Un contexte troublant
Ce n'est pas la première fois qu'un scrutin est entaché de soupçons à Toulon. En 2017, dans le quartier Sainte-Musse, des scores record avaient été enregistrés dans le bureau de vote 117 en faveur de la députée sortante Geneviève Levy. Là encore, le journaliste Simon Fontvieille avait trouvé la trace de signatures douteuses.
Une transformation citoyenne
Cette expérience a radicalement transformé Nadjett Hadjer Melhaa. « Maintenant, je vote tout le temps. Et je m'engage », affirme-t-elle. Devenue une électrice farouche, elle craint toujours que son vote ne soit à nouveau volé. « Il n'est plus question de s'abstenir, de peur de se faire voler son vote – et pourtant, l'abstention, c'est un droit », souligne-t-elle. « Et si aucun candidat ne convient, il faut aller voter blanc. »

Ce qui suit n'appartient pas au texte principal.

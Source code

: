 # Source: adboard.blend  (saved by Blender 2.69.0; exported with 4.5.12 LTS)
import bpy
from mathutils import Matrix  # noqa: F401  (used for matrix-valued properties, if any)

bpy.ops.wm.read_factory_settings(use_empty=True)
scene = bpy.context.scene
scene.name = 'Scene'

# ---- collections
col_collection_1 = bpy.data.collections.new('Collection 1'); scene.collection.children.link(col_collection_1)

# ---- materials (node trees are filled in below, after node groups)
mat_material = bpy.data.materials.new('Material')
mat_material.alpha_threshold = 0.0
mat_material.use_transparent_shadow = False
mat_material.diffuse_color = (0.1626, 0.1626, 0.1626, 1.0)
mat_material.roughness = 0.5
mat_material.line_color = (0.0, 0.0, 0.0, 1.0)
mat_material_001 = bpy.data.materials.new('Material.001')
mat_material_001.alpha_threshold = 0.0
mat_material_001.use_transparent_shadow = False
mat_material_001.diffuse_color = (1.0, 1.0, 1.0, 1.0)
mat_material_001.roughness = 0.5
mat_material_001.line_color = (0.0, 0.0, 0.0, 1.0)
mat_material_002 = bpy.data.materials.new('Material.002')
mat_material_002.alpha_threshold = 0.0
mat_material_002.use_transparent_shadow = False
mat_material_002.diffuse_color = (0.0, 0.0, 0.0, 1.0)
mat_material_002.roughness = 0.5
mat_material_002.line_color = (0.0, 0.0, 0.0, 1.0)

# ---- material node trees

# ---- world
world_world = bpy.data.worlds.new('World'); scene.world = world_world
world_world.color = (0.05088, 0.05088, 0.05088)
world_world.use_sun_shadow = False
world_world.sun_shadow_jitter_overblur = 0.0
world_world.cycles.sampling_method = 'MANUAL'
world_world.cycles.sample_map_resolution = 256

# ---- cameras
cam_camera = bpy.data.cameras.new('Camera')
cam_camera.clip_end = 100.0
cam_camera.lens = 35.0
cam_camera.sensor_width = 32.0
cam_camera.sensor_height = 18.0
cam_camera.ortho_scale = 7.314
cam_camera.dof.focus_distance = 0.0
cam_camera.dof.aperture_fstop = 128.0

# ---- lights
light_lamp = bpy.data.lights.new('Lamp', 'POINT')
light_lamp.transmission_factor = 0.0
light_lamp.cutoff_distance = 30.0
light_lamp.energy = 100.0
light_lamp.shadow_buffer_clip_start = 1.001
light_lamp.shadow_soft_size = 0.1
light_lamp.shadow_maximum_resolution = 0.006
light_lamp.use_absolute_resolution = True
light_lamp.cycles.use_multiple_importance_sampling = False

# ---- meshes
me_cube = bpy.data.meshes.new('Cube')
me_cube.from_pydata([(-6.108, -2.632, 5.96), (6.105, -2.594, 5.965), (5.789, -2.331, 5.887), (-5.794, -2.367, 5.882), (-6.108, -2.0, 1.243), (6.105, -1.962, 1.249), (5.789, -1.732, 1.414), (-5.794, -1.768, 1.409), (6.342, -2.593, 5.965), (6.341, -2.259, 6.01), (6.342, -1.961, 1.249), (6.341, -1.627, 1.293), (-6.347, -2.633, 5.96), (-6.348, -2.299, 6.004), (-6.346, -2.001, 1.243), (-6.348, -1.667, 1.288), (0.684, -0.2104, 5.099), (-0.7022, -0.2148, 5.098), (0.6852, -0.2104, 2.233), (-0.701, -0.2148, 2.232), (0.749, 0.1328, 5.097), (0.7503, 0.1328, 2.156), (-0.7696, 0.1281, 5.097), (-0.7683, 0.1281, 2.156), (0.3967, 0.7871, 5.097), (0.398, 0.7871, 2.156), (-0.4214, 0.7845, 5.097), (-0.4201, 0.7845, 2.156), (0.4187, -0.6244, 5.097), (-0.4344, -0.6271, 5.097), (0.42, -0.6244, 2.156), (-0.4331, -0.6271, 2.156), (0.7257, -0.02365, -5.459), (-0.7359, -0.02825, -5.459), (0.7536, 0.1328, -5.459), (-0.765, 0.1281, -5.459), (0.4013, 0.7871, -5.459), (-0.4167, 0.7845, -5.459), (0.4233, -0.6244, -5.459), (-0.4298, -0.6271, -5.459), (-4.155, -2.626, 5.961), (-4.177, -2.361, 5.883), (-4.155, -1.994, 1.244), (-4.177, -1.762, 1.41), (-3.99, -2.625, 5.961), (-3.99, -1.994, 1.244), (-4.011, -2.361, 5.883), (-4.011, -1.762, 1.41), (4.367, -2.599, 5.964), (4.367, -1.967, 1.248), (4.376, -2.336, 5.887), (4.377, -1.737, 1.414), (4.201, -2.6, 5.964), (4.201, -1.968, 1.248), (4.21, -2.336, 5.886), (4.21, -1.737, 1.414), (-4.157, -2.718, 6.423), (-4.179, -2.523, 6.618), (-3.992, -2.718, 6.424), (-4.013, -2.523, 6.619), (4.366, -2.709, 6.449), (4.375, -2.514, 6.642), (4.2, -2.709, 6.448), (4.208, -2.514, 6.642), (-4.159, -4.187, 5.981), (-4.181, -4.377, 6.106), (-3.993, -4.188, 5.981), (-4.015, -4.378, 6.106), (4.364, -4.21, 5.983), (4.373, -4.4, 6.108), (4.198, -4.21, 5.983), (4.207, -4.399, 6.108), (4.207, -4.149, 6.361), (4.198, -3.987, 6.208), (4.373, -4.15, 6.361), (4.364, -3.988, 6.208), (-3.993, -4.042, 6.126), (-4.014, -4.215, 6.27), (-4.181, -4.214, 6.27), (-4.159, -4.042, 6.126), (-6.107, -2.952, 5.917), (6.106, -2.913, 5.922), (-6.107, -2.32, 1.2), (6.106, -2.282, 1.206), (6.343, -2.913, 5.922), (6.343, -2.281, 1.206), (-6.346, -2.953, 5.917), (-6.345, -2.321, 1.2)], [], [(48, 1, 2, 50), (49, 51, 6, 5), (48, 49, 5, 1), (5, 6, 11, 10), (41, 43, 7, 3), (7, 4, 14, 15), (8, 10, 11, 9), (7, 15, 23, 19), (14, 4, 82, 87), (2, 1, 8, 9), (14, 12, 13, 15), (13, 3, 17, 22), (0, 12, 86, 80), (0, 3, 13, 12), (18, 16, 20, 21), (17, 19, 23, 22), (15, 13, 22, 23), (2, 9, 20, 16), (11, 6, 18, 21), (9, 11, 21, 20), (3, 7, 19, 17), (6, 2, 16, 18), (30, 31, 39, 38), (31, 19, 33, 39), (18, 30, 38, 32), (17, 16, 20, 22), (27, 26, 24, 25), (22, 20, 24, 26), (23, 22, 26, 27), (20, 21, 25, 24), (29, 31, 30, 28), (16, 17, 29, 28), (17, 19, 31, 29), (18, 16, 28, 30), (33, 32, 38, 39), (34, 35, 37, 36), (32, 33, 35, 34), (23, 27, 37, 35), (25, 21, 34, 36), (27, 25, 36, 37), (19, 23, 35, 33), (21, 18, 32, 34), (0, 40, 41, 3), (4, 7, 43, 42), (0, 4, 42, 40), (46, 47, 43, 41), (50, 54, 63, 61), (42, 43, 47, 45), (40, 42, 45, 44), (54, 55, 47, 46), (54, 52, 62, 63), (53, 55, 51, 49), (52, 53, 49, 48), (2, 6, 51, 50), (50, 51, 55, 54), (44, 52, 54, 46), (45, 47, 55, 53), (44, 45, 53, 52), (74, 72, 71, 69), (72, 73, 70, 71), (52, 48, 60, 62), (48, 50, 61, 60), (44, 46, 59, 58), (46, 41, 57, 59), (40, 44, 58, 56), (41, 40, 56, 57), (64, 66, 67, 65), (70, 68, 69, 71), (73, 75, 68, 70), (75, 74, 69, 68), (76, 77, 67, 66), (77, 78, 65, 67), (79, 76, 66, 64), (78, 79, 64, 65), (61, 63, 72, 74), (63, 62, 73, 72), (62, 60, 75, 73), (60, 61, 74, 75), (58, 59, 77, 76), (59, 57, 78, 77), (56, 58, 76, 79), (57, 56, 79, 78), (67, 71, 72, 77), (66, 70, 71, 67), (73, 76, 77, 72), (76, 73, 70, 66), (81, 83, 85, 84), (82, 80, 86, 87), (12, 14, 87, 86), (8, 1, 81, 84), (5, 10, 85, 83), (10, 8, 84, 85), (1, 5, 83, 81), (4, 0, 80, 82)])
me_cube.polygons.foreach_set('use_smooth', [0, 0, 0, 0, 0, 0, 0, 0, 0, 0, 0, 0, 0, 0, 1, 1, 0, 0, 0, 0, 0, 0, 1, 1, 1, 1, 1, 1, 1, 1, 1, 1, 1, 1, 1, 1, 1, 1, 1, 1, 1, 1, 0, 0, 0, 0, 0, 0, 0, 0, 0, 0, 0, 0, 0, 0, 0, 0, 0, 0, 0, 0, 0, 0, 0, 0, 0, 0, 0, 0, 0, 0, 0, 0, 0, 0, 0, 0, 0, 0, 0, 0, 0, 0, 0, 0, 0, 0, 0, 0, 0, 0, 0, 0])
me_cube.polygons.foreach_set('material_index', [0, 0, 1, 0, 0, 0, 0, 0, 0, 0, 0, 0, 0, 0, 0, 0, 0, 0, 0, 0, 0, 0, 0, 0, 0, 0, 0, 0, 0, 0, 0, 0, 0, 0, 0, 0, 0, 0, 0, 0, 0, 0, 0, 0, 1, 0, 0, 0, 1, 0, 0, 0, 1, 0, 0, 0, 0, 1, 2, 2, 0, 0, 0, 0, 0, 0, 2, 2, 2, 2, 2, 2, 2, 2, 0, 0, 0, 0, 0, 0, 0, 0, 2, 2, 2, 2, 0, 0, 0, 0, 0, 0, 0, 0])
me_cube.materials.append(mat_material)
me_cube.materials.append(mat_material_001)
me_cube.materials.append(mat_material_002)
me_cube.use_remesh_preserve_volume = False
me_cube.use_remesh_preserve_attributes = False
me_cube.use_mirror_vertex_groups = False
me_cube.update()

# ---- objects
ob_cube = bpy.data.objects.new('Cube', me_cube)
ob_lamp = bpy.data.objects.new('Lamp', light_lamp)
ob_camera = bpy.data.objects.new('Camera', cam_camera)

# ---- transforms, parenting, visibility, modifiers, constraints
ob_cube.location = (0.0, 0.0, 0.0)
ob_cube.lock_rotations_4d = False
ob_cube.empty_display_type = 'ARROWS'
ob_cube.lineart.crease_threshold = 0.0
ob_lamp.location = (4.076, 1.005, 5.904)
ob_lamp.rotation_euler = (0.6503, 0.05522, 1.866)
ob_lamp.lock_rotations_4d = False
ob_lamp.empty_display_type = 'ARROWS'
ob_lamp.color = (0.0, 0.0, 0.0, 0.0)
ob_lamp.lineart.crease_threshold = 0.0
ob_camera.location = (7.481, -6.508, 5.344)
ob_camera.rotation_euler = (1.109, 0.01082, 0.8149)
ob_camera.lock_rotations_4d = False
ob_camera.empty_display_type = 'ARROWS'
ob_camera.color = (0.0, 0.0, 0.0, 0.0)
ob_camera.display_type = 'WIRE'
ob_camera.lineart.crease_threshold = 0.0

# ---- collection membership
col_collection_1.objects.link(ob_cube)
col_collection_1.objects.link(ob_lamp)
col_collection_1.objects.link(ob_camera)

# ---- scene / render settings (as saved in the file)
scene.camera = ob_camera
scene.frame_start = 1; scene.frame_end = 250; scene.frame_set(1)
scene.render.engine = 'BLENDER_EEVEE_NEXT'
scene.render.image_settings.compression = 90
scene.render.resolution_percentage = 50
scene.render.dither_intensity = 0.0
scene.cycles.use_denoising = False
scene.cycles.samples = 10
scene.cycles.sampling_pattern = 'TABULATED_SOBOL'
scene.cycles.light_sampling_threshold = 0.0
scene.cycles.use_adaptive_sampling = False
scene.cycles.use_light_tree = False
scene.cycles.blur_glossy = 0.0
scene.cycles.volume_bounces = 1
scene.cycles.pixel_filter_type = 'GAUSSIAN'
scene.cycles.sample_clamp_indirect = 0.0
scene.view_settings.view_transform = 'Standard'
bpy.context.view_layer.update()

Malgré sa défiance envers la chose publique, un événement l'a poussée à se mobiliser. Fin 2023, elle manifeste dans les rues pour dénoncer les bombardements sur la population civile dans la bande de Gaza. « Je suis mère de trois enfants et cela m'a horrifiée », exprime-t-elle. « Le fait de sortir et de manifester, c'est une nouvelle Nadjett que j'ai découverte. »
Un engagement politique
Elle rejoint le collectif local Liberté pour la Palestine et rencontre les représentants de plusieurs partis de gauche. « Mais au fil du temps, il n'en est resté qu'un seul, et ce parti qui nous soutient toujours, c'est LFI », explique-t-elle. Après des mois de protestation commune, elle décide de rejoindre la liste de La France insoumise pour l'élection municipale 2026, où elle figure en 11e position.
« Je suis fière qu'elle soit avec nous et sur cette liste », déclare Isaline Cornil, candidate LFI à la mairie de Toulon. « Ce sont des valeurs de transparence que nous défendons. »
Au premier tour des municipales du 15 mars 2026, « on avait réellement peur que le code électoral ne soit pas appliqué », ajoute-t-elle. LFI a donc déployé une quarantaine de délégués habilités à se rendre dans les bureaux de vote toulonnais. Désormais électrice avertie, Nadjett Hadjer Melhaa en faisait partie, veillant personnellement au respect des procédures démocratiques.